[Collected data]
════════════════════
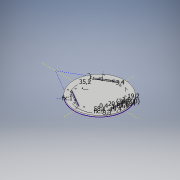
# Autodesk Inventor part: Stewart-Platform-Base-Innenanordnung
Saved by Autodesk Inventor 2018.2 (Build 222227000, 227)
## iProperties
Created: 2018-02-17
Part Number: Stewart-Platform-Base-Innenanordnung
Material: Generisch
Document SubType Name: Modeling
Designer: JochenAlt
Density: 1 g/cm^3
Appearance: Vorgabe
Author: JochenAlt
Autodesk Inventor part; units mm, degrees
ref_plane "YZ Plane" through (0, 0, 0) normal (1, 0, 0) x (0, 1, 0)
ref_plane "XZ Plane" through (0, 0, 0) normal (0, 1, 0) x (-1, 0, 0)
ref_plane "XY Plane" through (0, 0, 0) normal (0, 0, 1) x (1, 0, 0)
sketch "Skizze1" plane through (0, 0, 0) normal (0, 0, 1) x (1, 0, 0)
  line L0 (0, 78.2107) -> (0, -78.2107) construction
  line L1 (-128.6657, 0) -> (86.6199, 0) construction
  line L2 (31.7553, 29.05) -> (44.1553, 29.05) construction
  line L3 (47.5553, 25.65) -> (47.5553, -25.65) construction
  line L4 (44.1553, -29.05) -> (31.7553, -29.05) construction
  line L5 (28.3553, -25.65) -> (28.3553, 25.65) construction
  arc A0 (31.7553, 29.05) -> (28.3553, 25.65) centre (31.7553, 25.65) ccw construction
  arc A1 (47.5553, 25.65) -> (44.1553, 29.05) centre (44.1553, 25.65) ccw construction
  arc A2 (44.1553, -29.05) -> (47.5553, -25.65) centre (44.1553, -25.65) ccw construction
  arc A3 (28.3553, -25.65) -> (31.7553, -29.05) centre (31.7553, -25.65) ccw construction
  circle A4 centre (31.7553, 25.65) radius 1.4
  circle A5 centre (44.1553, 25.65) radius 1.4
  circle A6 centre (31.7553, -25.65) radius 1.4
  circle A7 centre (44.1553, -25.65) radius 1.4
  line L6 (41.6553, 21.4) -> (41.6553, -21.4)
  line L7 (38.3553, 21.4) -> (38.3553, -21.4)
  line L8 (38.3553, 21.4) -> (41.6553, 21.4)
  line L9 (38.3553, -21.4) -> (41.6553, -21.4)
  line L10 (38.3553, 0.8) -> (41.6553, 0.8)
  line L11 (38.3553, -0.8) -> (41.6553, -0.8)
  line L12 (41.6553, 12.5) -> (44.5713, 12.5)
  line L13 (44.5713, 12.5) -> (44.5713, 9.7)
  line L14 (44.5713, 9.7) -> (41.6553, 9.7)
  line L15 (41.6553, -9.7) -> (44.5713, -9.7)
  line L16 (44.5713, -9.7) -> (44.5713, -12.5)
  line L17 (44.5713, -12.5) -> (41.6553, -12.5)
  line L18 (44.1553, 29.45) -> (31.7553, 29.45)
  arc A8 (31.7553, 29.45) -> (27.9553, 25.65) centre (31.7553, 25.65) ccw
  line L19 (27.9553, 25.65) -> (27.9553, -25.65)
  arc A9 (27.9553, -25.65) -> (31.7553, -29.45) centre (31.7553, -25.65) ccw
  line L20 (31.7553, -29.45) -> (44.1553, -29.45)
  arc A10 (44.1553, -29.45) -> (47.9553, -25.65) centre (44.1553, -25.65) ccw
  line L21 (47.9553, -25.65) -> (47.9553, 25.65)
  arc A11 (47.9553, 25.65) -> (44.1553, 29.45) centre (44.1553, 25.65) ccw
  line L22 (25.9072, -29.1198) -> (28.4872, -27.589) construction
  line L23 (-0.6447, 43.9167) -> (-2.2947, 46.7745)
  circle A12 centre (0.1359, 51.0646) radius 1.4
  arc A13 (3.0804, 52.7646) -> (-1.5641, 54.0091) centre (0.1359, 51.0646) ccw construction
  arc A14 (3.4268, 52.9646) -> (-1.7641, 54.3555) centre (0.1359, 51.0646) ccw
  circle A15 centre (6.3359, 40.3259) radius 1.4
  line L24 (12.2649, 36.9962) -> (9.6492, 38.4652) construction
  arc A16 (8.0359, 37.3814) -> (9.2804, 42.0259) centre (6.3359, 40.3259) ccw construction
  arc A17 (8.2359, 37.035) -> (9.6268, 42.2259) centre (6.3359, 40.3259) ccw
  line L25 (9.6268, 42.2259) -> (3.4268, 52.9646)
  line L26 (3.0804, 52.7646) -> (9.2804, 42.0259) construction
  line L27 (-41.0357, 12.9759) -> (-47.2357, 23.7146) construction
  arc A18 (-41.0357, 12.9759) -> (-36.3912, 11.7314) centre (-38.0912, 14.6759) ccw construction
  circle A19 centre (-38.0912, 14.6759) radius 1.4
  circle A20 centre (-44.2912, 25.4146) radius 1.4
  arc A21 (-41.3821, 12.7759) -> (-36.1912, 11.385) centre (-38.0912, 14.6759) ccw
  line L28 (-47.5821, 23.5146) -> (-41.3821, 12.7759)
  arc A22 (-45.9912, 28.3591) -> (-47.2357, 23.7146) centre (-44.2912, 25.4146) ccw construction
  arc A23 (-46.1912, 28.7055) -> (-47.5821, 23.5146) centre (-44.2912, 25.4146) ccw
  line L29 (-11.4603, 44.8499) -> (-10.0023, 42.3245)
  line L30 (-13.8852, 43.4499) -> (-11.4603, 44.8499)
  line L31 (-12.4272, 40.9245) -> (-13.8852, 43.4499)
  line L32 (-37.7106, 22.5167) -> (-39.3606, 25.3745)
  line L33 (-31.653, 29.8245) -> (-33.111, 32.3499)
  line L34 (-33.111, 32.3499) -> (-30.6861, 33.7499)
  line L35 (-30.6861, 33.7499) -> (-29.2281, 31.2245)
  line L36 (-19.8705, 32.8167) -> (-21.5205, 35.6745)
  line L37 (-18.4848, 33.6167) -> (-20.1348, 36.4745)
  line L38 (-39.3606, 25.3745) -> (-2.2947, 46.7745)
  line L39 (-1.7641, 54.3555) -> (-46.1912, 28.7055)
  line L40 (-45.9912, 28.3591) -> (-1.5641, 54.0091) construction
  line L41 (8.0359, 37.3814) -> (-36.3912, 11.7314) construction
  line L42 (-36.1912, 11.385) -> (8.2359, 37.035)
  line L43 (-37.7106, 22.5167) -> (-0.6447, 43.9167)
  line L44 (-37.7106, -22.5167) -> (-39.3606, -25.3745)
  circle A24 centre (-44.2912, -25.4146) radius 1.4
  arc A25 (-47.2357, -23.7146) -> (-45.9912, -28.3591) centre (-44.2912, -25.4146) ccw construction
  arc A26 (-47.5821, -23.5146) -> (-46.1912, -28.7055) centre (-44.2912, -25.4146) ccw
  circle A27 centre (-38.0912, -14.6759) radius 1.4
  line L45 (-38.1721, -7.8764) -> (-38.1364, -10.8762) construction
  arc A28 (-36.3912, -11.7314) -> (-41.0357, -12.9759) centre (-38.0912, -14.6759) ccw construction
  arc A29 (-36.1912, -11.385) -> (-41.3821, -12.7759) centre (-38.0912, -14.6759) ccw
  line L46 (-41.3821, -12.7759) -> (-47.5821, -23.5146)
  line L47 (-47.2357, -23.7146) -> (-41.0357, -12.9759) construction
  line L48 (9.2804, -42.0259) -> (3.0804, -52.7646) construction
  arc A30 (9.2804, -42.0259) -> (8.0359, -37.3814) centre (6.3359, -40.3259) ccw construction
  circle A31 centre (6.3359, -40.3259) radius 1.4
  circle A32 centre (0.1359, -51.0646) radius 1.4
  arc A33 (9.6268, -42.2259) -> (8.2359, -37.035) centre (6.3359, -40.3259) ccw
  line L49 (3.4268, -52.9646) -> (9.6268, -42.2259)
  arc A34 (-1.5641, -54.0091) -> (3.0804, -52.7646) centre (0.1359, -51.0646) ccw construction
  arc A35 (-1.7641, -54.3555) -> (3.4268, -52.9646) centre (0.1359, -51.0646) ccw
  line L50 (-33.111, -32.3499) -> (-31.653, -29.8245)
  line L51 (-30.6861, -33.7499) -> (-33.111, -32.3499)
  line L52 (-29.2281, -31.2245) -> (-30.6861, -33.7499)
  line L53 (-0.6447, -43.9167) -> (-2.2947, -46.7745)
  line L54 (-10.0023, -42.3245) -> (-11.4603, -44.8499)
  line L55 (-11.4603, -44.8499) -> (-13.8852, -43.4499)
  line L56 (-13.8852, -43.4499) -> (-12.4272, -40.9245)
  line L57 (-18.4848, -33.6167) -> (-20.1348, -36.4745)
  line L58 (-19.8705, -32.8167) -> (-21.5205, -35.6745)
  line L59 (-2.2947, -46.7745) -> (-39.3606, -25.3745)
  line L60 (-46.1912, -28.7055) -> (-1.7641, -54.3555)
  line L61 (-1.5641, -54.0091) -> (-45.9912, -28.3591) construction
  line L62 (-36.3912, -11.7314) -> (8.0359, -37.3814) construction
  line L63 (8.2359, -37.035) -> (-36.1912, -11.385)
  line L64 (-0.6447, -43.9167) -> (-37.7106, -22.5167)
  line L65 (-31.8985, 33.0499) -> (-43.6029, 53.3224) construction
  line L66 (-34.0905, 36.8465) -> (-97.9106, 0) construction
  line L67 (-31.8985, -33.0499) -> (-43.7977, -53.6598) construction
  line L68 (-34.0905, -36.8465) -> (-97.9106, 0) construction
  circle A36 centre (0, 0) radius 55.8648
  line L69 (-48.4545, 27.8035) -> (-47.5871, 27.3058) construction
  line L70 (-42.3106, 30.4841) -> (-24.7106, 0) construction
  dimension "d1" = 58.1
  dimension "d2" = 19.2
  dimension "d3" = 3.4
  dimension "d5" = 2.8
  dimension "d6" = 5.9
  dimension "d7" = 3.3
  dimension "d8" = 20.6
  dimension "d9" = 1.6
  dimension "d10" = 2.984
  dimension "d11" = 2.8
  dimension "d12" = 19.4
  dimension "d21" = 0.4
  dimension "d22" = 3
  dimension "d32" = 360
  dimension "d44" = 1
  dimension "d45" = 1
  dimension "d47" = 1
  dimension "d53" = 35.2
  constraints: 138 end point, 52 point on circle, 36 centre point, 30 point on line, 13 coincident, 10 perpendicular, 8 tangent, 6 equal radius, 6 horizontal, 6 parallel, 2 collinear, 2 line through centre, 2 midpoint, 2 vertical, 242 other
  measures "d1" distance between parallel lines of L4 L2
  measures "d2" distance between parallel lines of L3 L5
  measures "d3" radius of A0
  measures "d5" diameter of A4
  measures "d6" distance between parallel lines of L3 L6
  measures "d7" distance between parallel lines of L6 L7
  measures "d8" distance between parallel lines of L10 L8
  measures "d9" distance between parallel lines of L11 L10
  measures "d10" distance between parallel lines of L3 L13
  measures "d11" distance between parallel lines of L14 L12
  measures "d12" distance between parallel lines of L15 L14
  measures "d21" distance between parallel lines of L19 L5
  measures "d22" distance of L22.end L22.start
  measures "d44" distance between parallel lines of L39 L66
  measures "d45" distance between parallel lines of L68 L60
  measures "d47" distance of L69.start L69.end
  measures "d53" distance of L70.start L70.end
extrude "Extrusion5" add sketch "Skizze1" along normal blind 3 contours A11 L21 A10 L20 A9 L19 A8 L18 | L25 A17 L42 A21 L28 A23 L39 A14 | L46 A29 L63 A33 L49 A35 L60 A26 | A36
extrude "Extrusion4" cut sketch "Skizze1" along normal blind 1 contours L10 L6 L11 L7 | A11 L21 A10 L20 A9 L19 A8 L18 | L43 L36 L38 L37 | L25 A17 L42 A21 L28 A23 L39 A14 | L64 L57 L59 L58 | L46 A29 L63 A33 L49 A35 L60 A26
equation "\"d22\" = d20"
equation "\"d20\" = 3"
════════════════════
What to produce: Return word for word the lines from the beginning of the entries through the line that contains "Autodesk Inventor part; units mm, degrees", both ends included, but no pictures.

Output:
# Autodesk Inventor part: Stewart-Platform-Base-Innenanordnung
Saved by Autodesk Inventor 2018.2 (Build 222227000, 227)
## iProperties
Created: 2018-02-17
Part Number: Stewart-Platform-Base-Innenanordnung
Material: Generisch
Document SubType Name: Modeling
Designer: JochenAlt
Density: 1 g/cm^3
Appearance: Vorgabe
Author: JochenAlt
Autodesk Inventor part; units mm, degrees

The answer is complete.